Work task: Copy each line of the data below with the word "HOLE".

Dataset records below:

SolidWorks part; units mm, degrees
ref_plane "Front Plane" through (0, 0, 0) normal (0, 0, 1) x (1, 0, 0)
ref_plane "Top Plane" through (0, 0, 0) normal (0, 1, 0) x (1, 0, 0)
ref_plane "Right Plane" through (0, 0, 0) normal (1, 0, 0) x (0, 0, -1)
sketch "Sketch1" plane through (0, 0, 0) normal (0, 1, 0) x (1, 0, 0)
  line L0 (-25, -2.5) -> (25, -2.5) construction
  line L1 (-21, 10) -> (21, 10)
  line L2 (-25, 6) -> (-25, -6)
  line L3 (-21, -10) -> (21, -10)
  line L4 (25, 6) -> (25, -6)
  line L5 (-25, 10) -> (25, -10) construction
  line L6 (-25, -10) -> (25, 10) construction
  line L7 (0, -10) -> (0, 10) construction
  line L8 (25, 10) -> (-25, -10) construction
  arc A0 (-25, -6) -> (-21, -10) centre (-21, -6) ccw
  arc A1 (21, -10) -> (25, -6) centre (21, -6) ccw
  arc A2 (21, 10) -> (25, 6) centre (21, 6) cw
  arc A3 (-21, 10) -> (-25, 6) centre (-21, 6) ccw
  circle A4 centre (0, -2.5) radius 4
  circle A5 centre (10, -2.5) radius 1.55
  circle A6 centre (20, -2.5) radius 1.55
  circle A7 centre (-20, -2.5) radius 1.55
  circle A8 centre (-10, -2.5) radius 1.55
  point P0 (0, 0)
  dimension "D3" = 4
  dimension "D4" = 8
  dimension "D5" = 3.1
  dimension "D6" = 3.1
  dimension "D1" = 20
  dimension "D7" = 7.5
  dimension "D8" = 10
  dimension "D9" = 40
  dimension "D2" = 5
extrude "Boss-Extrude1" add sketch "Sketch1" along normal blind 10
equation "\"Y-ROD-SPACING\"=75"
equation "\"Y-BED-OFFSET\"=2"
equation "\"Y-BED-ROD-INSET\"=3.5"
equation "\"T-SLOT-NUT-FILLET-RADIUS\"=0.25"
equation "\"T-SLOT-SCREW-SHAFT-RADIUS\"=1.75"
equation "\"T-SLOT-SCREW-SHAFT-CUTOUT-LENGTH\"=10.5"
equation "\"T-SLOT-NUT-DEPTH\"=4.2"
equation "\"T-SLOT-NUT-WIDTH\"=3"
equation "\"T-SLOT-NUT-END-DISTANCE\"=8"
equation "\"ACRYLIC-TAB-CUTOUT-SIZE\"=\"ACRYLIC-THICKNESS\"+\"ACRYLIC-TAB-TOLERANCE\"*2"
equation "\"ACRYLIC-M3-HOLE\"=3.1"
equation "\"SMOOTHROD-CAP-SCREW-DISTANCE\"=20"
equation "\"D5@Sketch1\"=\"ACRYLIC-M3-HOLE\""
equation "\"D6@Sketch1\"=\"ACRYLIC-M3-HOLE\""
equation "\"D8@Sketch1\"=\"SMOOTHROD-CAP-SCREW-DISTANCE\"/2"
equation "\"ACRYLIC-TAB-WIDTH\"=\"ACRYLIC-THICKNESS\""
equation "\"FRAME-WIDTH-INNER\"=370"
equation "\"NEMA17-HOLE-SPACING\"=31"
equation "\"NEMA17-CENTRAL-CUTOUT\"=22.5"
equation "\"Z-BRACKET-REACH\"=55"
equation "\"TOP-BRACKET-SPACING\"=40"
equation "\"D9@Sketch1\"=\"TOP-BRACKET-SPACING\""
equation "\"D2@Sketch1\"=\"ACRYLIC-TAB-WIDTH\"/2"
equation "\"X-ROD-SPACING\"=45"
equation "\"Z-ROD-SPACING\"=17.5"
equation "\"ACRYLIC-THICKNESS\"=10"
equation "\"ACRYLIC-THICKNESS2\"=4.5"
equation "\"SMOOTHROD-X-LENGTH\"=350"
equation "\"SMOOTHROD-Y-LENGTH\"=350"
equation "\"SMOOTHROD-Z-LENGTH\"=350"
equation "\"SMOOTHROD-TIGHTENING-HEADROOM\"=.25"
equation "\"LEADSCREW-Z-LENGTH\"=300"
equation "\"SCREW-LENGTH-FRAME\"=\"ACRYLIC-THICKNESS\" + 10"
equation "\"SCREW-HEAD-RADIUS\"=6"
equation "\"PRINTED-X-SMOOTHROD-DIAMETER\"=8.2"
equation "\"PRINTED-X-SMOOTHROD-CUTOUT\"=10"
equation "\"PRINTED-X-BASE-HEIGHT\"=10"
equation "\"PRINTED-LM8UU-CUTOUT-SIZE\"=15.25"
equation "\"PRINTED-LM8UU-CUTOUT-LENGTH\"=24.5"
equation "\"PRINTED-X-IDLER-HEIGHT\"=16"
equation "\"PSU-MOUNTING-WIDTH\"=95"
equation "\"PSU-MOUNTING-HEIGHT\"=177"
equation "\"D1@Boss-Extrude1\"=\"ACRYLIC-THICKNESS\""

End of Dataset records.

Result of this exercise:
equation "\"ACRYLIC-M3-HOLE\"=3.1"
equation "\"D5@Sketch1\"=\"ACRYLIC-M3-HOLE\""
equation "\"D6@Sketch1\"=\"ACRYLIC-M3-HOLE\""
equation "\"NEMA17-HOLE-SPACING\"=31"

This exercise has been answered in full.